EXERCISE OBJECTIVE:
Repeat exactly the lines that run from the start of the records below to the line with "wall outside (EU_wall_Construction): 2016.49,1224.83", including both of those lines but not the pictures.

SUPPLIED RECORDS:

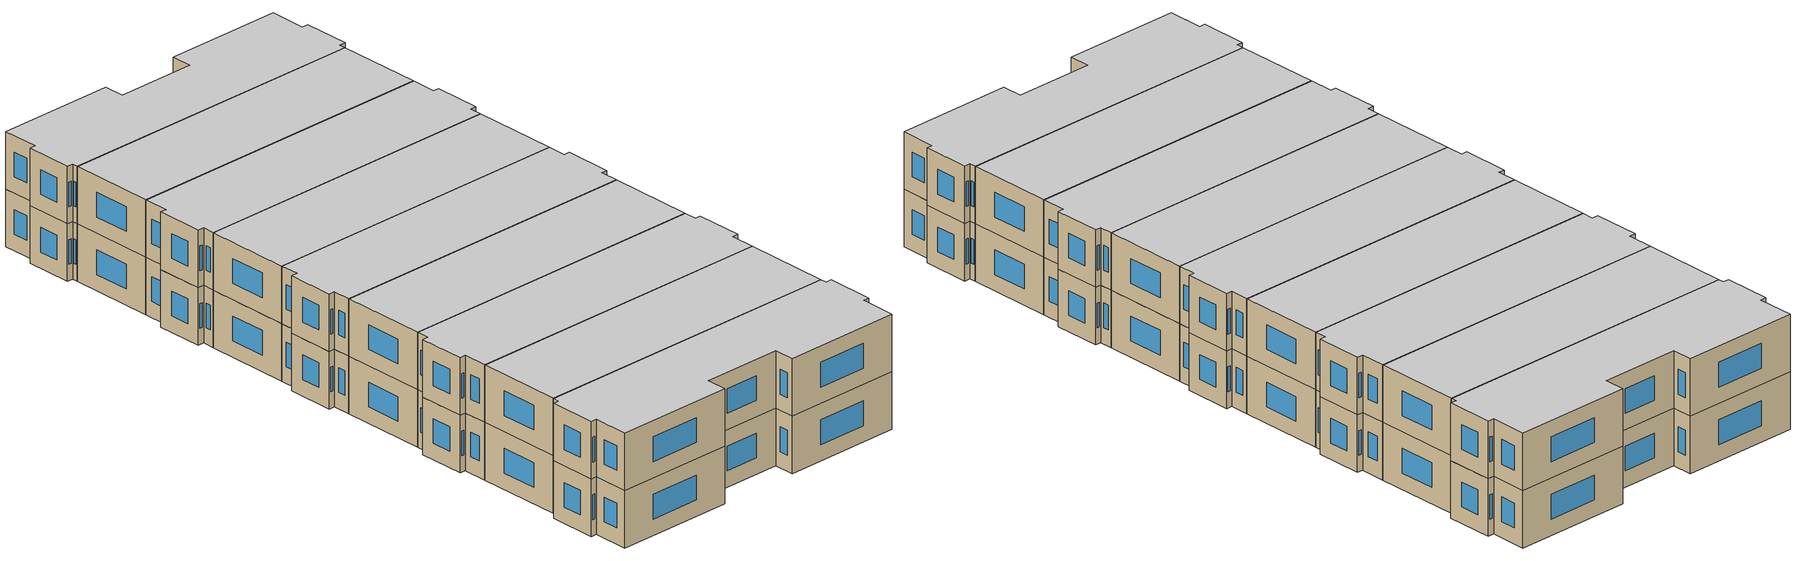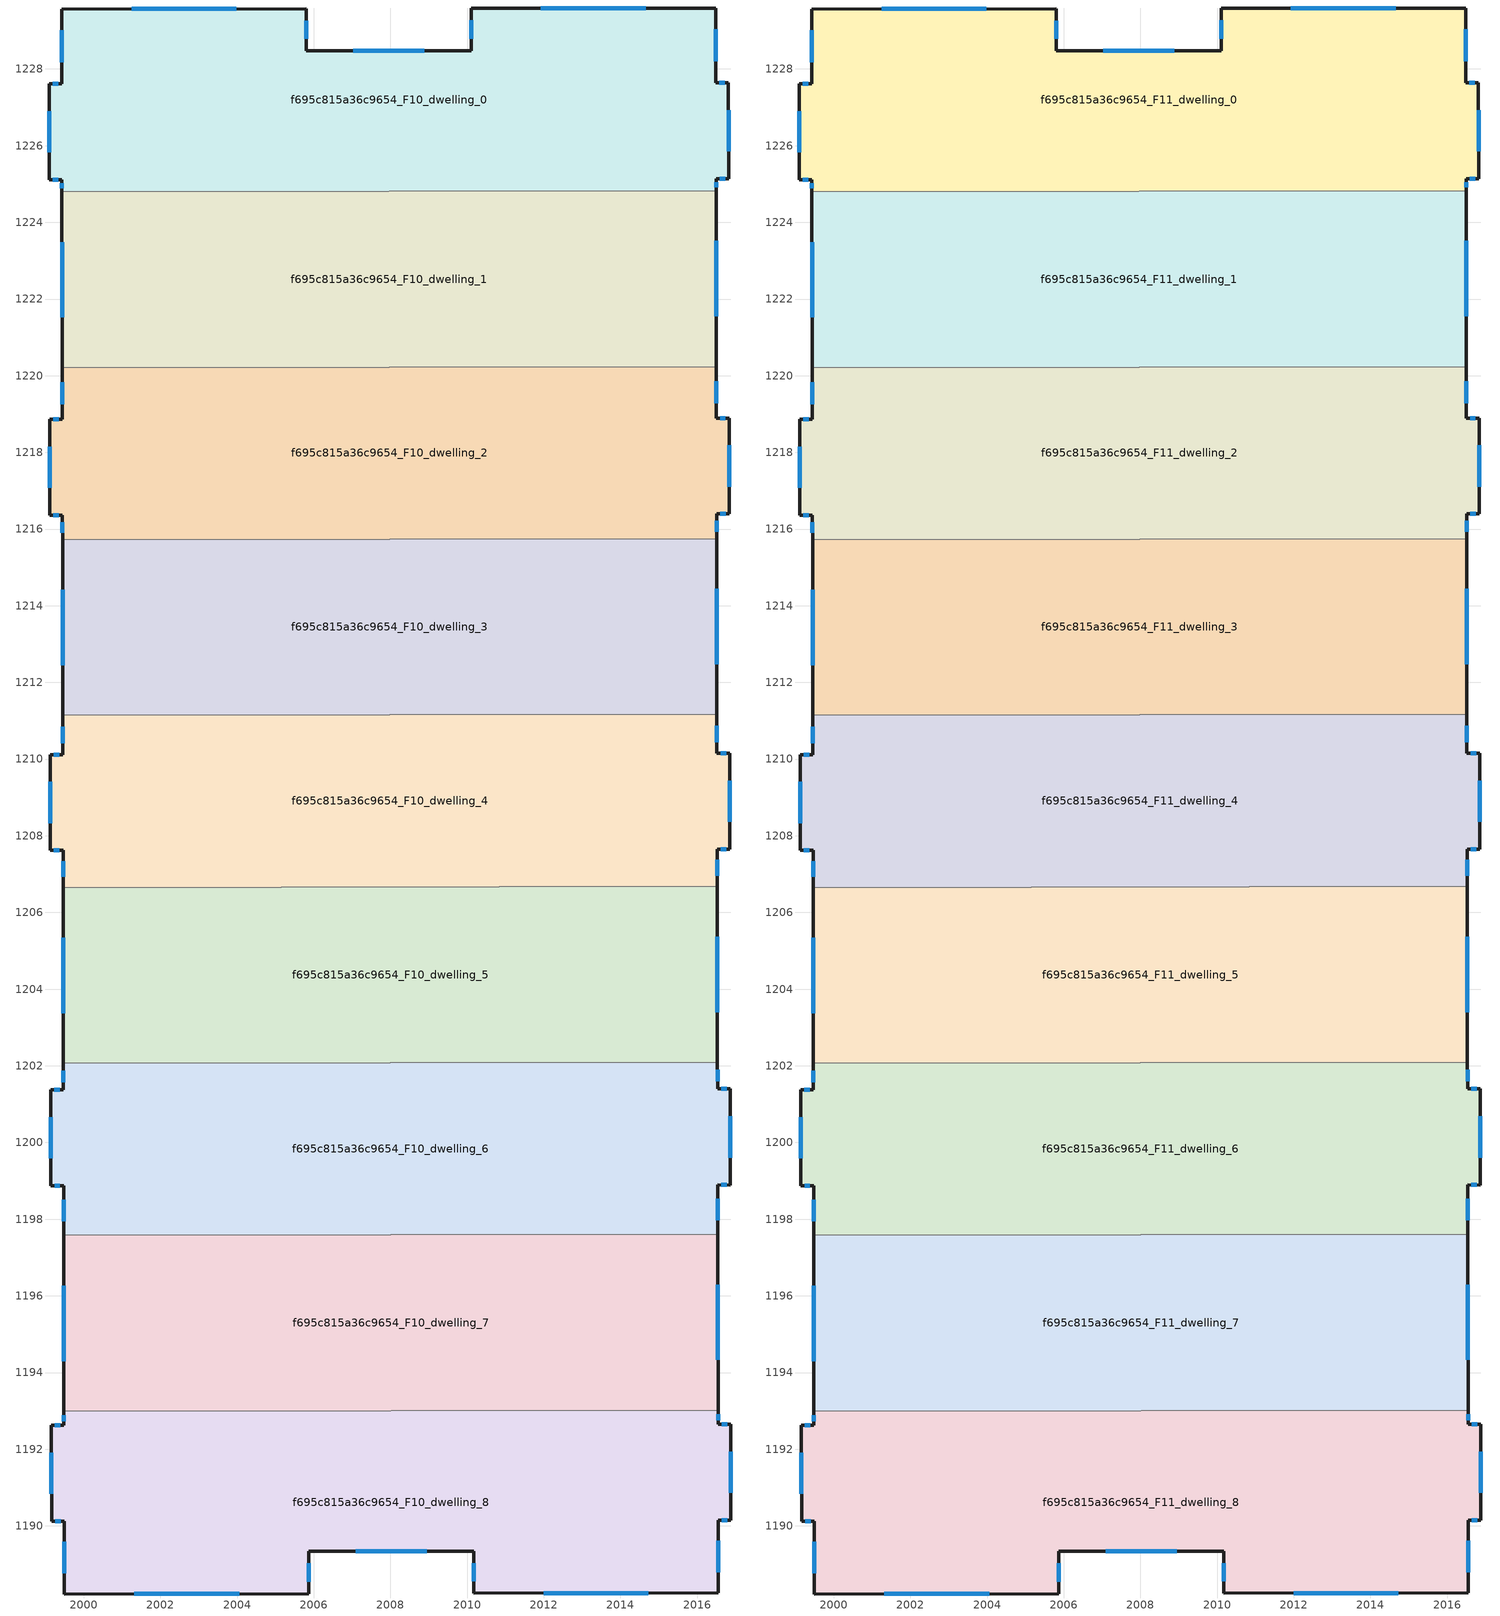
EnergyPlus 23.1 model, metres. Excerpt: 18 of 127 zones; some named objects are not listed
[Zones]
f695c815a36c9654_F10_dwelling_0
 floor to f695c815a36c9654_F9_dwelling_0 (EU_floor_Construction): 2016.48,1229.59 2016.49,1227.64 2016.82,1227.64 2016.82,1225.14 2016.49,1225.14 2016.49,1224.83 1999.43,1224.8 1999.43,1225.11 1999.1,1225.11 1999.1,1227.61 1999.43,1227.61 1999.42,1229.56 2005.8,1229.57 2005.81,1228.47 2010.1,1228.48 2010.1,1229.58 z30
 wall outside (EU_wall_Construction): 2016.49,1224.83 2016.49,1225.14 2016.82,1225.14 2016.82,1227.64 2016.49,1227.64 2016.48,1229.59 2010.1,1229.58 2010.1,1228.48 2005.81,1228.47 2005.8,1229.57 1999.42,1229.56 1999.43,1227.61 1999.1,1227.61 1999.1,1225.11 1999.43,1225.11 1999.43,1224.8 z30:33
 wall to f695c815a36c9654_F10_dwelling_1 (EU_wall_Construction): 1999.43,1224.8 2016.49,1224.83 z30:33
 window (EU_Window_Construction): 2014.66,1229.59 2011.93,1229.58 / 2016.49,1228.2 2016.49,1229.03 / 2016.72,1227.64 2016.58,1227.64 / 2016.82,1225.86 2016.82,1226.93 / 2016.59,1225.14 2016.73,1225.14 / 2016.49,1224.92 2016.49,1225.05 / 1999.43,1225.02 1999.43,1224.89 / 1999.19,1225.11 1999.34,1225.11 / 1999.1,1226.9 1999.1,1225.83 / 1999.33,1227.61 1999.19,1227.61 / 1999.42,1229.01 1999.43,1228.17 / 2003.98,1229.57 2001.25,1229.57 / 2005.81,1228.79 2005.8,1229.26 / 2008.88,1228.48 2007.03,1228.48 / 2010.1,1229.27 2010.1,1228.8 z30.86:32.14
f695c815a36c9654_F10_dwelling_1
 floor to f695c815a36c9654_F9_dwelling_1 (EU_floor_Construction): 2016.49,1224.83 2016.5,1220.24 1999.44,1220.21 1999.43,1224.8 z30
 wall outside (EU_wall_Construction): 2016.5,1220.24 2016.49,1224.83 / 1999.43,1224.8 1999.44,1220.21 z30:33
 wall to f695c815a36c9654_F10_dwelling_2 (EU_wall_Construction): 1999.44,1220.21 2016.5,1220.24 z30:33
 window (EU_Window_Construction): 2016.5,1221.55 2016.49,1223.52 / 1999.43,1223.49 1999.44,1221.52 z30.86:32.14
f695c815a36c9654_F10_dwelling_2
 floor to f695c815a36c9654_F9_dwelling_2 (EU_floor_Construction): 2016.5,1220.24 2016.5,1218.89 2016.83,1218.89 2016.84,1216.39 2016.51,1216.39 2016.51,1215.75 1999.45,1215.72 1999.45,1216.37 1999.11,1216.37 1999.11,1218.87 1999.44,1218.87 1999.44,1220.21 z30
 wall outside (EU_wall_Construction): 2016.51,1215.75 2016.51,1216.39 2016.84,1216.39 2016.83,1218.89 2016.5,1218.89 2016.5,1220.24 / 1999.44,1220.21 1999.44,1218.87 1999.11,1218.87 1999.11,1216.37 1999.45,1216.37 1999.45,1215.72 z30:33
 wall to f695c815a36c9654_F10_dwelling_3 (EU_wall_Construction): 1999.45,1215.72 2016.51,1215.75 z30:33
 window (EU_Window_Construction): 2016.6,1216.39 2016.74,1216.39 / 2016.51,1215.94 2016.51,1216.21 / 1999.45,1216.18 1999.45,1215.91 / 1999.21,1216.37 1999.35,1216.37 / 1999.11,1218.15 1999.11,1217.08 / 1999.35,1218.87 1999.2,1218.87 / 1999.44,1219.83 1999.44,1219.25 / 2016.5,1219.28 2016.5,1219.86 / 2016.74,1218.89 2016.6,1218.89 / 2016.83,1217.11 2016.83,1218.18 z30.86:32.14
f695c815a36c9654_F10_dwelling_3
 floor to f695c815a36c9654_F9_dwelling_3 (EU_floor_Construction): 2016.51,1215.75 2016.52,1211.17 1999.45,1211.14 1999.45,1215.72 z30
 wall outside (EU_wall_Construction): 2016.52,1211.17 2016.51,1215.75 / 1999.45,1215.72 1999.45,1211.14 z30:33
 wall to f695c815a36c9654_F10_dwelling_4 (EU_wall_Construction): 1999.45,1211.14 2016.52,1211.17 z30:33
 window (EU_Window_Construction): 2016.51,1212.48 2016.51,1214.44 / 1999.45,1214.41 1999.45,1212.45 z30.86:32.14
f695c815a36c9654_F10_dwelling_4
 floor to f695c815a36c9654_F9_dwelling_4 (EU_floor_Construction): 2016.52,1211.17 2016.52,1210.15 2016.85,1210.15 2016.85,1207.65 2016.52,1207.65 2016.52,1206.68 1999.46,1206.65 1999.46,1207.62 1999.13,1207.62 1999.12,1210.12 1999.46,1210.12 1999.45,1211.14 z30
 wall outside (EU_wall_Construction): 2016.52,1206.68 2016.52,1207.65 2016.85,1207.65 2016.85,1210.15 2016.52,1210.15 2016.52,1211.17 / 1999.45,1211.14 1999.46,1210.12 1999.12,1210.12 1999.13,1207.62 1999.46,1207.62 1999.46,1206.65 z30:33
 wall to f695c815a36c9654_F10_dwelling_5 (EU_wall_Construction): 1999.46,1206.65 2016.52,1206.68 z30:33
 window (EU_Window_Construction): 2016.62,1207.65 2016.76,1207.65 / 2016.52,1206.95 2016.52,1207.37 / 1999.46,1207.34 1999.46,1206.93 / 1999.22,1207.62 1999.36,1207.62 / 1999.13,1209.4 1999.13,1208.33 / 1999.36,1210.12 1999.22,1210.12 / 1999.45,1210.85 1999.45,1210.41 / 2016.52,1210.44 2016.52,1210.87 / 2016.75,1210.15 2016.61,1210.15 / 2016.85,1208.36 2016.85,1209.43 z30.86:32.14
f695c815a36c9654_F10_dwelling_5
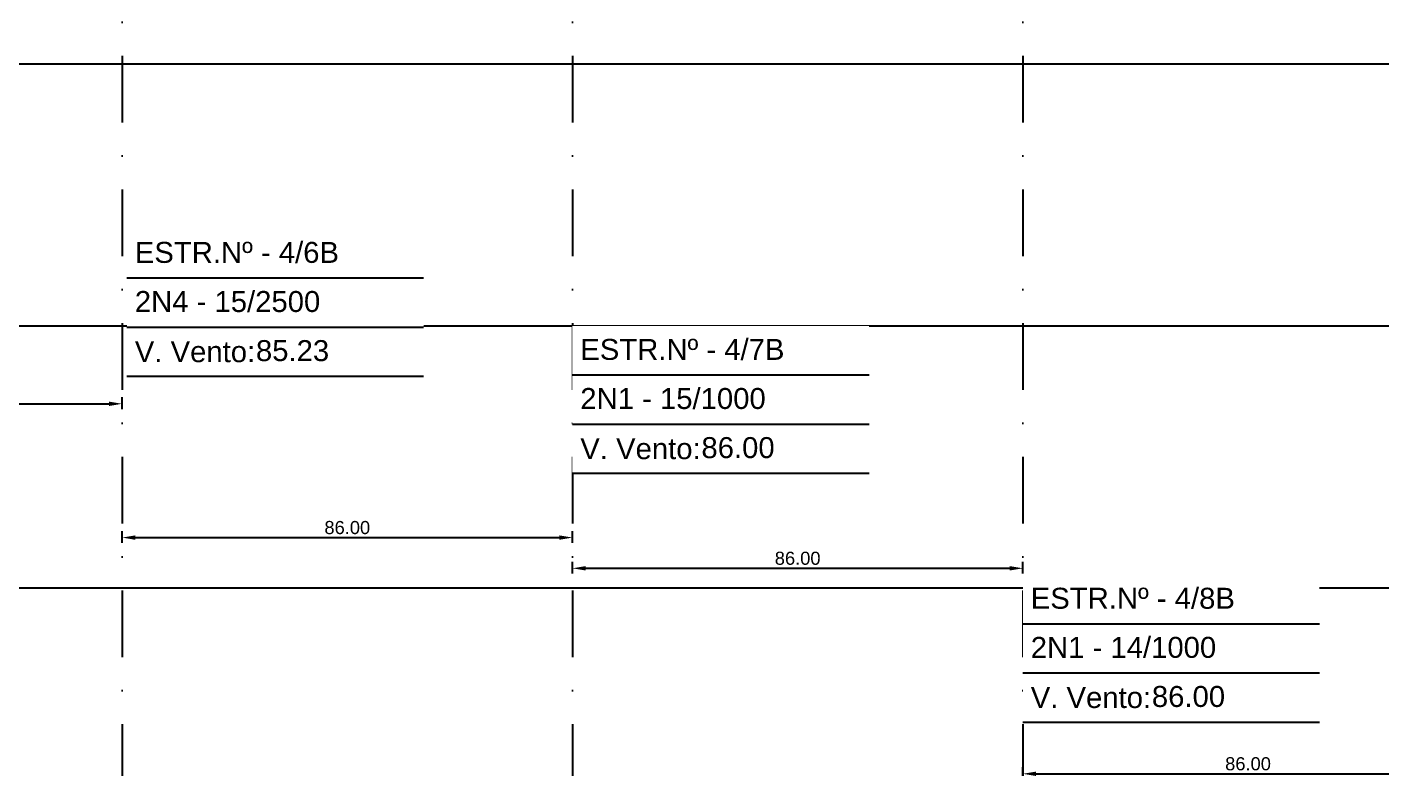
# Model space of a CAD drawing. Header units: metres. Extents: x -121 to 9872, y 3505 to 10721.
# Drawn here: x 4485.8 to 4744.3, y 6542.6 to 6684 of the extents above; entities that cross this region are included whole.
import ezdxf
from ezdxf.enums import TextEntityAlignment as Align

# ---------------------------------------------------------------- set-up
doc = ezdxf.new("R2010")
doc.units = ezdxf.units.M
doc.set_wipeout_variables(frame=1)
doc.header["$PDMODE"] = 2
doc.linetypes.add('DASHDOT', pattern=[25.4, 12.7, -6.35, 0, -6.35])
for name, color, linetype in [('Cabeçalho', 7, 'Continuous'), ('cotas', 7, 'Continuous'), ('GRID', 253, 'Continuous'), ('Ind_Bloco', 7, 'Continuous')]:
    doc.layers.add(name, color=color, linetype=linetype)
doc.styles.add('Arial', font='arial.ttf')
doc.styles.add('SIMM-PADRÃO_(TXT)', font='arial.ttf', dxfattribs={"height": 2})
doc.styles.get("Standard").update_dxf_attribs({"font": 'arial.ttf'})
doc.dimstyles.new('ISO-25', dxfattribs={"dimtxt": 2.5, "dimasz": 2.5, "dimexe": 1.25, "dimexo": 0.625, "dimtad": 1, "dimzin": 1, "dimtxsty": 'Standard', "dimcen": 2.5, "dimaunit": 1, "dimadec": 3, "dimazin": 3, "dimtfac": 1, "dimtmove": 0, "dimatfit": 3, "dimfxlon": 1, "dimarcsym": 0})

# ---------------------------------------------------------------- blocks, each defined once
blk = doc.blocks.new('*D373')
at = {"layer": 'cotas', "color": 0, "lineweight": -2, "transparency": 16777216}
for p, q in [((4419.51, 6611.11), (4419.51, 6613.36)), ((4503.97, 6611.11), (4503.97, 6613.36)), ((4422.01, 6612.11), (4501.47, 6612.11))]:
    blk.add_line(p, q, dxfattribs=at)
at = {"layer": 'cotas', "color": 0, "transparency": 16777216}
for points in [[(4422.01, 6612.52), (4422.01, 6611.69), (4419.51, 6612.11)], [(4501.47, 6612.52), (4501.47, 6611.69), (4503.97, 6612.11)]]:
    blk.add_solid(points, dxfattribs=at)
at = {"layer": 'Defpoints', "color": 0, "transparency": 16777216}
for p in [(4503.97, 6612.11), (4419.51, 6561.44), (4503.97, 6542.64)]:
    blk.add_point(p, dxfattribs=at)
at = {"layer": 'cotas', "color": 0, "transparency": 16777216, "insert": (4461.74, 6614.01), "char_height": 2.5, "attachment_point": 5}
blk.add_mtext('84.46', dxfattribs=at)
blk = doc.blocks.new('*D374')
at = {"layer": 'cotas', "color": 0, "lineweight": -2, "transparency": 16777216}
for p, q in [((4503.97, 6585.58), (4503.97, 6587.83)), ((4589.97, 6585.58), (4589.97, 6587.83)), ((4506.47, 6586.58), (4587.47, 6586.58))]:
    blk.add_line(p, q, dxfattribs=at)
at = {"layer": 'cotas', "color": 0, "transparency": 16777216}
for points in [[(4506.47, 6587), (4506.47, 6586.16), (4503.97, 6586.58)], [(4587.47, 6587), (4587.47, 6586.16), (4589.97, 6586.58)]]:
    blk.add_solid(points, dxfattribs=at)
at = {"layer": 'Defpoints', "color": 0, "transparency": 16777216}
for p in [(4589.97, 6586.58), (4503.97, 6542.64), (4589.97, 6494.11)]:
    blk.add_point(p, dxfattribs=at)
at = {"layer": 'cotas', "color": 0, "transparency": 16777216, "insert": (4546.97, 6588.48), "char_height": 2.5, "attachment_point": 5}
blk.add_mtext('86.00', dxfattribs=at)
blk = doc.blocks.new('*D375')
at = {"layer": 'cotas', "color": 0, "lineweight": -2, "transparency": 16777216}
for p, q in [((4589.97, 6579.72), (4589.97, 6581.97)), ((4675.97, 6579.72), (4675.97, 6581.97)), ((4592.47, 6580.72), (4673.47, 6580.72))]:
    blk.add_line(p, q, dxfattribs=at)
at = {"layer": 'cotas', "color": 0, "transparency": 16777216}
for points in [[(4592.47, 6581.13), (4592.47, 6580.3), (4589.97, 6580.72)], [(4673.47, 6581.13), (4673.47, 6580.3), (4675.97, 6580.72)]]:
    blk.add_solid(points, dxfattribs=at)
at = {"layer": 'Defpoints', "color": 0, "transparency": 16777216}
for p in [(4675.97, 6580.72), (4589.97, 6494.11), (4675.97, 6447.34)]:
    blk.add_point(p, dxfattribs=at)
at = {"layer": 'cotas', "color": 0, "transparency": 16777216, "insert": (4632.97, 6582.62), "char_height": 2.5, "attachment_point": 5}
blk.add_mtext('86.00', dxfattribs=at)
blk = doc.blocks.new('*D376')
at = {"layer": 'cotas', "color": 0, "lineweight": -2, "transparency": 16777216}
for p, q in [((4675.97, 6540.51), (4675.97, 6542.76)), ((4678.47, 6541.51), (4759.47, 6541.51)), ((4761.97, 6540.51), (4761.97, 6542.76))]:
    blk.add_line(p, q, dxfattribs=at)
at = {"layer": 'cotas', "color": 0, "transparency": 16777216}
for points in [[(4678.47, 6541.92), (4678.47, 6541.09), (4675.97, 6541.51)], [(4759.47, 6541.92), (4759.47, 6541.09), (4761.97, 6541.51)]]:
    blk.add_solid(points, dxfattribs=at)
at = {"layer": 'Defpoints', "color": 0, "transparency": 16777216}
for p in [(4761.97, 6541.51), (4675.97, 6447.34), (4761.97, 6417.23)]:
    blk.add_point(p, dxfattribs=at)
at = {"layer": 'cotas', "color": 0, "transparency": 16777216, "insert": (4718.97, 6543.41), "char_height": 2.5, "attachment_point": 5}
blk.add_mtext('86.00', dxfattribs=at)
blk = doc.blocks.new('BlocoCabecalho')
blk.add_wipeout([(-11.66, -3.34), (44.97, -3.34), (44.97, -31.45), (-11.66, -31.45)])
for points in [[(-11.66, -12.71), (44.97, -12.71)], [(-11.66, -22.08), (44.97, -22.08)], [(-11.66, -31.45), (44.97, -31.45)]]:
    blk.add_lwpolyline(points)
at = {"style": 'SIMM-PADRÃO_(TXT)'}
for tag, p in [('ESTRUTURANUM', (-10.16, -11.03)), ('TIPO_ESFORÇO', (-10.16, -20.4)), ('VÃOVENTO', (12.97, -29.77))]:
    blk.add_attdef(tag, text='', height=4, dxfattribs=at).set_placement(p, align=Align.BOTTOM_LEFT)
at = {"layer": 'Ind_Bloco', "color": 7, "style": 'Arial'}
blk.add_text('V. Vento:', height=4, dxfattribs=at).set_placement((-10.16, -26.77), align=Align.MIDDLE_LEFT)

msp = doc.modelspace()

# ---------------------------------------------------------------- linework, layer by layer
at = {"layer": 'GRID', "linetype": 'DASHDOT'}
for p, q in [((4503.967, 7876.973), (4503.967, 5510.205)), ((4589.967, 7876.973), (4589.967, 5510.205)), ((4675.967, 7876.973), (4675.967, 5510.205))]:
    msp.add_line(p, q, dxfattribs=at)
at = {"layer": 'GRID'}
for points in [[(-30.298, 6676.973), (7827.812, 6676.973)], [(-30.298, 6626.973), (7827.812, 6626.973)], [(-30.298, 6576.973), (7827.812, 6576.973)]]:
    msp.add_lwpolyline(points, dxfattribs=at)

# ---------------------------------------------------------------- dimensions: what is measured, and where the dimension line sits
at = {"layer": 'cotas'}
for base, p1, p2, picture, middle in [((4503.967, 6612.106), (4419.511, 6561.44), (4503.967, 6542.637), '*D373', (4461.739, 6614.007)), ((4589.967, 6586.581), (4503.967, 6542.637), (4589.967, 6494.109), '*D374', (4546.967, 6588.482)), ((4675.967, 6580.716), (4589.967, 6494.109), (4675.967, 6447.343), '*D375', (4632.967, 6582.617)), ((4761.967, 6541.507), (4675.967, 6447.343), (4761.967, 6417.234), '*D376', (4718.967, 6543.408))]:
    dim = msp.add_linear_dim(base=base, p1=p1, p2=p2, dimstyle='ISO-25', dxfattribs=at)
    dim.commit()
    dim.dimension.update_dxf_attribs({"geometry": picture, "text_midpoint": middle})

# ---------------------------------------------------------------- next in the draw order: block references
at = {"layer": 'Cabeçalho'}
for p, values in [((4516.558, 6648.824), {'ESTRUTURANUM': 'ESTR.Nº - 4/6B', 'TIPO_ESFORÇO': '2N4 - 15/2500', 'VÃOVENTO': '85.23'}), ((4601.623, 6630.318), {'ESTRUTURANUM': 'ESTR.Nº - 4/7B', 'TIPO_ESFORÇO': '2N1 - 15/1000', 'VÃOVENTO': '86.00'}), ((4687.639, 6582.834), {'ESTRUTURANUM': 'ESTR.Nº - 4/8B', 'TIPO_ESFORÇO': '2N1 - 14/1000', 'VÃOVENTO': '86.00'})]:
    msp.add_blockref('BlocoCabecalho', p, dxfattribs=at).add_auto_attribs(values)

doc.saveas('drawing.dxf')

RESPONSE TO THIS TASK:
EnergyPlus 23.1 model, metres. Excerpt: 18 of 127 zones; some named objects are not listed
[Zones]
f695c815a36c9654_F10_dwelling_0
 floor to f695c815a36c9654_F9_dwelling_0 (EU_floor_Construction): 2016.48,1229.59 2016.49,1227.64 2016.82,1227.64 2016.82,1225.14 2016.49,1225.14 2016.49,1224.83 1999.43,1224.8 1999.43,1225.11 1999.1,1225.11 1999.1,1227.61 1999.43,1227.61 1999.42,1229.56 2005.8,1229.57 2005.81,1228.47 2010.1,1228.48 2010.1,1229.58 z30
 wall outside (EU_wall_Construction): 2016.49,1224.83 2016.49,1225.14 2016.82,1225.14 2016.82,1227.64 2016.49,1227.64 2016.48,1229.59 2010.1,1229.58 2010.1,1228.48 2005.81,1228.47 2005.8,1229.57 1999.42,1229.56 1999.43,1227.61 1999.1,1227.61 1999.1,1225.11 1999.43,1225.11 1999.43,1224.8 z30:33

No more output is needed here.